Nowe przepisy podyktowane są względami bezpieczeństwa. Z rejestrów wynika, że niektóre wykorzystywane przez zespoły egzemplarze zestawów hybrydowych wyrzuciły w trakcie sezonu znaczącą liczbę błędów związanych ze wstrząsami.

Czytaj również:

Potrzeba odesłania – być może na długie tygodnie lub miesiące – zestawu do producenta budzi obawy, że zespoły będą musiały dokupić dodatkowe egzemplarze, tylko po to, aby mieć je w puli „na wszelki wypadek”.

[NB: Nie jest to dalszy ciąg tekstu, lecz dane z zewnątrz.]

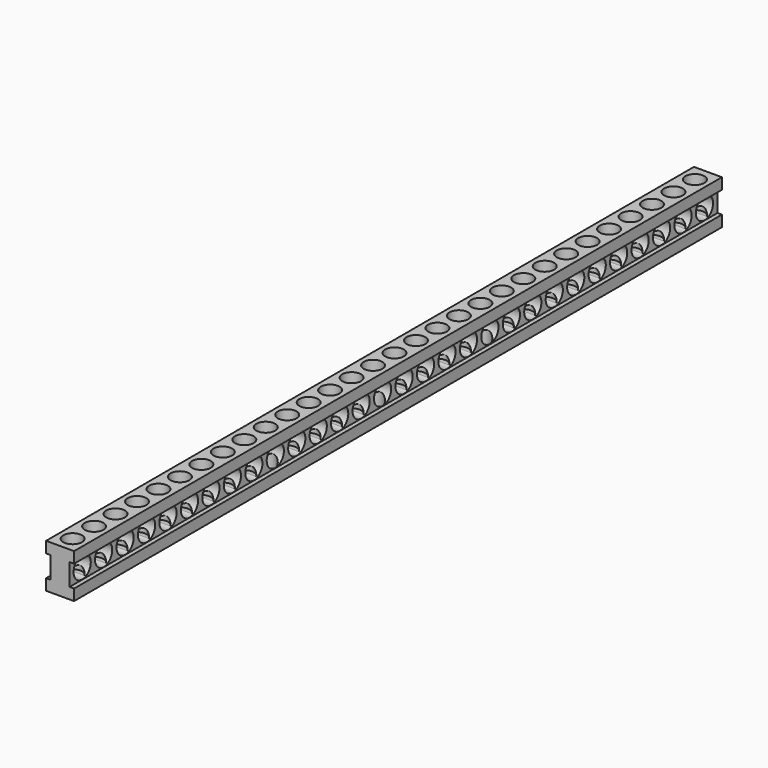
from build123d import *

# Parameters (mm, degrees)
F1_DEPTH = 237.3
F2_R     = 3.15
F3_DEPTH = 6.901
F4_R     = 2.75
F5_DEPTH = 9.3
F6_DEPTH = 12.901


# Not quite as in the source:
# - a feature names something its author has since deleted; it is built from what else it names


with BuildPart() as f1:
    # F0 (on Front) → F1 (new body)
    with BuildSketch(Plane.XZ):
        Polygon((0, 3.25), (0, 0), (8.2, 0), (8.2, 3.25), (6.9, 3.25), (6.9, 9.65), (8.2, 9.65), (8.2, 12.9), (0, 12.9), (0, 9.65), (1.3, 9.65), (1.3, 3.25), align=None)
    extrude(amount=F1_DEPTH)

    # F2 (on face) → F3 (cut, through all)
    with BuildSketch(Plane.YZ.offset(6.9)):
        with Locations((-232.7, 6.45)):
            Circle(F2_R)
        with Locations((-224.84, 6.45)):
            Circle(F2_R)
        with Locations((-216.98, 6.45)):
            Circle(F2_R)
        with Locations((-209.12, 6.45)):
            Circle(F2_R)
        with Locations((-201.26, 6.45)):
            Circle(F2_R)
        with Locations((-193.4, 6.45)):
            Circle(F2_R)
        with Locations((-185.54, 6.45)):
            Circle(F2_R)
        with Locations((-177.68, 6.45)):
            Circle(F2_R)
        with Locations((-169.82, 6.45)):
            Circle(F2_R)
        with Locations((-161.96, 6.45)):
            Circle(F2_R)
        with Locations((-154.1, 6.45)):
            Circle(F2_R)
        with Locations((-146.24, 6.45)):
            Circle(F2_R)
        with Locations((-138.38, 6.45)):
            Circle(F2_R)
        with Locations((-130.52, 6.45)):
            Circle(F2_R)
        with Locations((-122.66, 6.45)):
            Circle(F2_R)
        with Locations((-114.8, 6.45)):
            Circle(F2_R)
        with Locations((-106.94, 6.45)):
            Circle(F2_R)
        with Locations((-99.08, 6.45)):
            Circle(F2_R)
        with Locations((-91.22, 6.45)):
            Circle(F2_R)
        with Locations((-83.36, 6.45)):
            Circle(F2_R)
        with Locations((-75.5, 6.45)):
            Circle(F2_R)
        with Locations((-67.64, 6.45)):
            Circle(F2_R)
        with Locations((-59.78, 6.45)):
            Circle(F2_R)
        with Locations((-51.92, 6.45)):
            Circle(F2_R)
        with Locations((-44.06, 6.45)):
            Circle(F2_R)
        with Locations((-36.2, 6.45)):
            Circle(F2_R)
        with Locations((-28.34, 6.45)):
            Circle(F2_R)
        with Locations((-20.48, 6.45)):
            Circle(F2_R)
        with Locations((-12.62, 6.45)):
            Circle(F2_R)
        with Locations((-4.76, 6.45)):
            Circle(F2_R)
    extrude(amount=-F3_DEPTH, mode=Mode.SUBTRACT)

    # F4 (on face) → F5 (cut)
    with BuildSketch(Plane.XY.offset(12.9)):
        with Locations((4.1, -232.7)):
            Circle(F4_R)
        with Locations((4.1, -224.84)):
            Circle(F4_R)
        with Locations((4.1, -216.98)):
            Circle(F4_R)
        with Locations((4.1, -209.12)):
            Circle(F4_R)
        with Locations((4.1, -201.26)):
            Circle(F4_R)
        with Locations((4.1, -193.4)):
            Circle(F4_R)
        with Locations((4.1, -185.54)):
            Circle(F4_R)
        with Locations((4.1, -177.68)):
            Circle(F4_R)
        with Locations((4.1, -169.82)):
            Circle(F4_R)
        with Locations((4.1, -154.1)):
            Circle(F4_R)
        with Locations((4.1, -146.24)):
            Circle(F4_R)
        with Locations((4.1, -138.38)):
            Circle(F4_R)
        with Locations((4.1, -130.52)):
            Circle(F4_R)
        with Locations((4.1, -114.8)):
            Circle(F4_R)
        with Locations((4.1, -106.94)):
            Circle(F4_R)
        with Locations((4.1, -99.08)):
            Circle(F4_R)
        with Locations((4.1, -91.22)):
            Circle(F4_R)
        with Locations((4.1, -75.5)):
            Circle(F4_R)
        with Locations((4.1, -67.64)):
            Circle(F4_R)
        with Locations((4.1, -59.78)):
            Circle(F4_R)
        with Locations((4.1, -51.92)):
            Circle(F4_R)
        with Locations((4.1, -44.06)):
            Circle(F4_R)
        with Locations((4.1, -36.2)):
            Circle(F4_R)
        with Locations((4.1, -28.34)):
            Circle(F4_R)
        with Locations((4.1, -20.48)):
            Circle(F4_R)
        with Locations((4.1, -12.62)):
            Circle(F4_R)
        with Locations((4.1, -4.76)):
            Circle(F4_R)
    extrude(amount=-F5_DEPTH, mode=Mode.SUBTRACT)

    # F4 (on face) → F6 (cut, through all)
    with BuildSketch(Plane.XY.offset(12.9)):
        with Locations((4.1, -161.96)):
            Circle(F4_R)
        with Locations((4.1, -122.66)):
            Circle(F4_R)
        with Locations((4.1, -83.36)):
            Circle(F4_R)
    extrude(amount=-F6_DEPTH, mode=Mode.SUBTRACT)


solid = f1.part

– Do Rajdu Finlandii było tak, że nawet jeśli zestaw był narażony na przeciążenie powyżej ustalonego progu i pokazał błąd, inżynier na miejscu go po prostu kasował bez względu na to, co dokładnie się przytrafiło – tłumaczy Andrew Wheatley, odpowiedzialny w FIA za sport drogowy.

– Teraz Compact Dynamics zarządziło, że jeśli trzykrotnie będzie powyżej 15G lub raz powyżej 25G, zestaw trzeba rozebrać. Nie będzie można po prostu wyczyścić rejestru.

Zapytany wprost czy takie zasady oznaczają więcej wydatków dla zespołów, Wheatley odparł:

– Na pewno jakoś [tymi] zestawami będą musieli żonglować. Jeśli będą te trzy wstrząsy, zestaw musi przejść całą inspekcję, a to sporo pracy. Nie chodzi tylko o otwarcie zestawu od góry, ale trzeba też zajrzeć do baterii. A to działanie naprawdę destrukcyjne.

– Wszystko zależy od tego, na jakim etapie całego cyklu [w Compact Dynamics] to akurat się zdarzy, ale naprawa może potrwać miesiące. Jeśli nie masz wystarczającej liczby zestawów, pojawi się problem. Dlatego zespoły chcą mieć wszystko zbilansowane.

– Generalnie najwięcej takich wstrząsów działa, gdy jedzie się na kapciu lub jest uszkodzony amortyzator. A na przykład spektakularny wypadek Kalle Rovanpery w Finlandii był w normie, ponieważ energia się rozproszyła.

Sprawy dotyczące zestawów hybrydowych będą omawiane na najbliższym spotkaniu Komisji WRC, które zaplanowano na środę.

– Wraz z Compact Dynamics przechodzimy nieustanną ewolucję. Raz robimy krok do tyłu, raz do przodu. W Grecji mieli trzy osoby, które zbierały dane z każdego odcinka specjalnego. Dzielili się tym z ludźmi z FIA i wspólnie określali jakie są wyzwania i możliwości. Myślę, że będzie sporo rozmów na ten temat.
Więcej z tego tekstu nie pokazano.